La main de Perceval vint se poser sur la sienne, ferme et apaisante.

- Ne vous emballez pas ! Cela pourrait être un procédé d'amoureux ? De toute façon, je crois que nous ne tarderons pas à éclaircir ce petit mystère.

Cela ne tarda guère en effet. Le lendemain, alors que Sylvie aidait Nicole à préparer une grande bassine de confiture de fraises et que Jeannette, assise dans un coin de la cuisine, lui brodait une chemise, le portail s'ouvrit devant le bel équipage de la veille : Jean d'Autancourt priait le chevalier de Raguenel de bien vouloir lui accorder un moment d'entretien. Et, pour un garçon timide, il n'y alla pas par quatre chemins :

- Je suis venu demander, monsieur, si vous accueilleriez avec faveur une visite de M. le maréchal-duc de Fontsomme, mon père ?

Perceval se mit à rire en indiquant un siège au jeune homme :

- Faveur quand il s'agit d'un tel honneur ? Mon cher marquis, vous rêvez ! Et pourquoi donc monsieur votre père me viendrait-il voir ?

- Pour vous demander la main de Mlle de L'Isle. Vous êtes son parrain, son tuteur aussi, je crois, et le seul homme au monde qui détienne la clef de son bonheur...

Cette fois, Perceval cessa de sourire.

- Peste ! Vous ne perdez pas de temps ! Il se peut même que vous vous hâtiez un peu trop. Êtes-vous bien certain que le maréchal accepterait la démarche que vous prétendez lui imposer ? Ses vues sur votre avenir dépassent sûrement l'alliance avec une orpheline d'assez petite noblesse et dont...

- Vous ne connaissez pas mon père, monsieur, je le vois bien ! En ce cas, vous sauriez que c'est l'homme le meilleur qui soit au monde : dévoué au Roi, bon chrétien et père attentif - ce qui est rare dans nos familles, je vous le concède - il a, depuis la mort de ma mère, reporté sur moi toute sa tendresse. Il ne veut que mon bonheur et quand il aura vu Sylvie... je veux dire Mlle de L'Isle, il sera conquis comme je l'ai été moi-même au premier regard.

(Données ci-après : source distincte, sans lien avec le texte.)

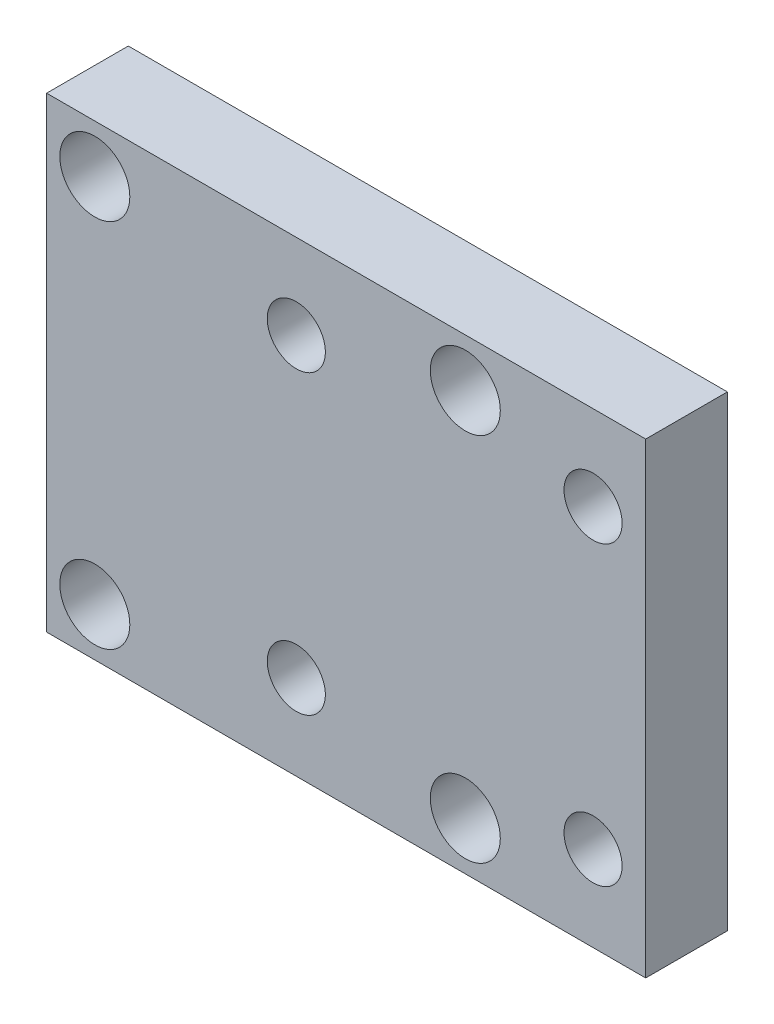
SolidWorks part; units mm, degrees
ref_plane "Front Plane" through (0, 0, 0) normal (0, 0, 1) x (1, 0, 0)
ref_plane "Top Plane" through (0, 0, 0) normal (0, 1, 0) x (1, 0, 0)
ref_plane "Right Plane" through (0, 0, 0) normal (1, 0, 0) x (0, 0, -1)
sketch "Sketch1" plane through (0, 0, 0) normal (0, 0, 1) x (1, 0, 0)
  line L1 (-14.09, 0) -> (-65.43, 0)
  line L2 (-14.09, 0) -> (-14.09, -40)
  line L3 (-14.09, -40) -> (-65.43, -40)
  line L4 (-65.43, 0) -> (-65.43, -40)
  dimension "D1" = 51.34
  dimension "D2" = 40
extrude "Boss-Extrude1" add sketch "Sketch1" along normal blind 7
sketch "Sketch2" plane through (0, 0, 0) normal (0, 0, 1) x (1, 0, 0)
  line L4 (-65.43, 0) -> (-65.43, -40) construction
  line L6 (-65.43, -40) -> (-14.09, -40) construction
  circle A6 centre (-61.3, -35.875) radius 2
  circle A7 centre (-29.55, -35.875) radius 2
  circle A8 centre (-29.55, -4.125) radius 2
  circle A9 centre (-61.3, -4.125) radius 2
  dimension "D1" = 31.75
  dimension "D2" = 31.75
  dimension "D3" = 4.13
  dimension "D4" = 4
  dimension "D5" = 4.125
  dimension "D6" = 2
  dimension "D7" = 2
extrude "Cut-Extrude2" cut sketch "Sketch2" along normal through all
sketch "Sketch8" plane through (0, 0, 7) normal (0, 0, 1) x (1, 0, 0)
  circle A0 centre (-61.3, -4.125) radius 3
  circle A3 centre (-29.55, -4.125) radius 3
  circle A4 centre (-29.55, -35.875) radius 3
  circle A5 centre (-61.3, -35.875) radius 3
  dimension "D1" = 6
  dimension "D2" = 2
  dimension "D3" = 2
extrude "Cut-Extrude6" cut sketch "Sketch8" against normal blind 6
sketch "Sketch9" plane through (0, 0, 7) normal (0, 0, 1) x (1, 0, 0)
  line L0 (-18.6008, -7.27) -> (-18.6008, -43.6541) construction
  line L1 (-18.6008, -7.27) -> (-44.0308, -7.27) construction
  line L2 (-44.0308, -7.27) -> (-44.0308, -32.7) construction
  line L3 (-44.0308, -32.7) -> (-18.6008, -32.7) construction
  circle A0 centre (-44.0308, -7.27) radius 2.49
  circle A1 centre (-18.6008, -7.27) radius 2.49
  circle A2 centre (-44.0308, -32.7) radius 2.49
  circle A3 centre (-18.6008, -32.7) radius 2.49
  dimension "D2" = 25.43
  dimension "D3" = 25.43
  dimension "D4" = 2
  dimension "D5" = 2
extrude "Cut-Extrude7" cut sketch "Sketch9" against normal up to surface (7 mm away) up to face at (-27.55, -4.125, 0)
equation "\"hole_screw_1_4_20\"= 6"
equation "\"inch\"=25.43"

- Je veux bien le croire mais, tant qu'il ne me l'aura pas appris lui-même, je n'en serai pas absolument certain...

- Est-ce à dire... que vous refusez ma demande ?

- Nullement. Cependant, je ne l'accepte pas non plus. Je serais très heureux d'une union entre vous et ma petite Sylvie, mais tant qu'une demande officielle, c'est-à-dire venue de votre père, ne m'aura pas été présentée, je ne pourrai envisager une réponse ferme. En outre, vous n'ignorez pas que Sylvie a été élevée par et chez Mme la duchesse de Vendôme dont l'opinion doit compter aussi...

Jean fit la grimace !

- La duchesse ou le duc ? Je ne vous cache pas qu'on ne l'aime guère chez nous. C'est un trublion, un personnage dangereux...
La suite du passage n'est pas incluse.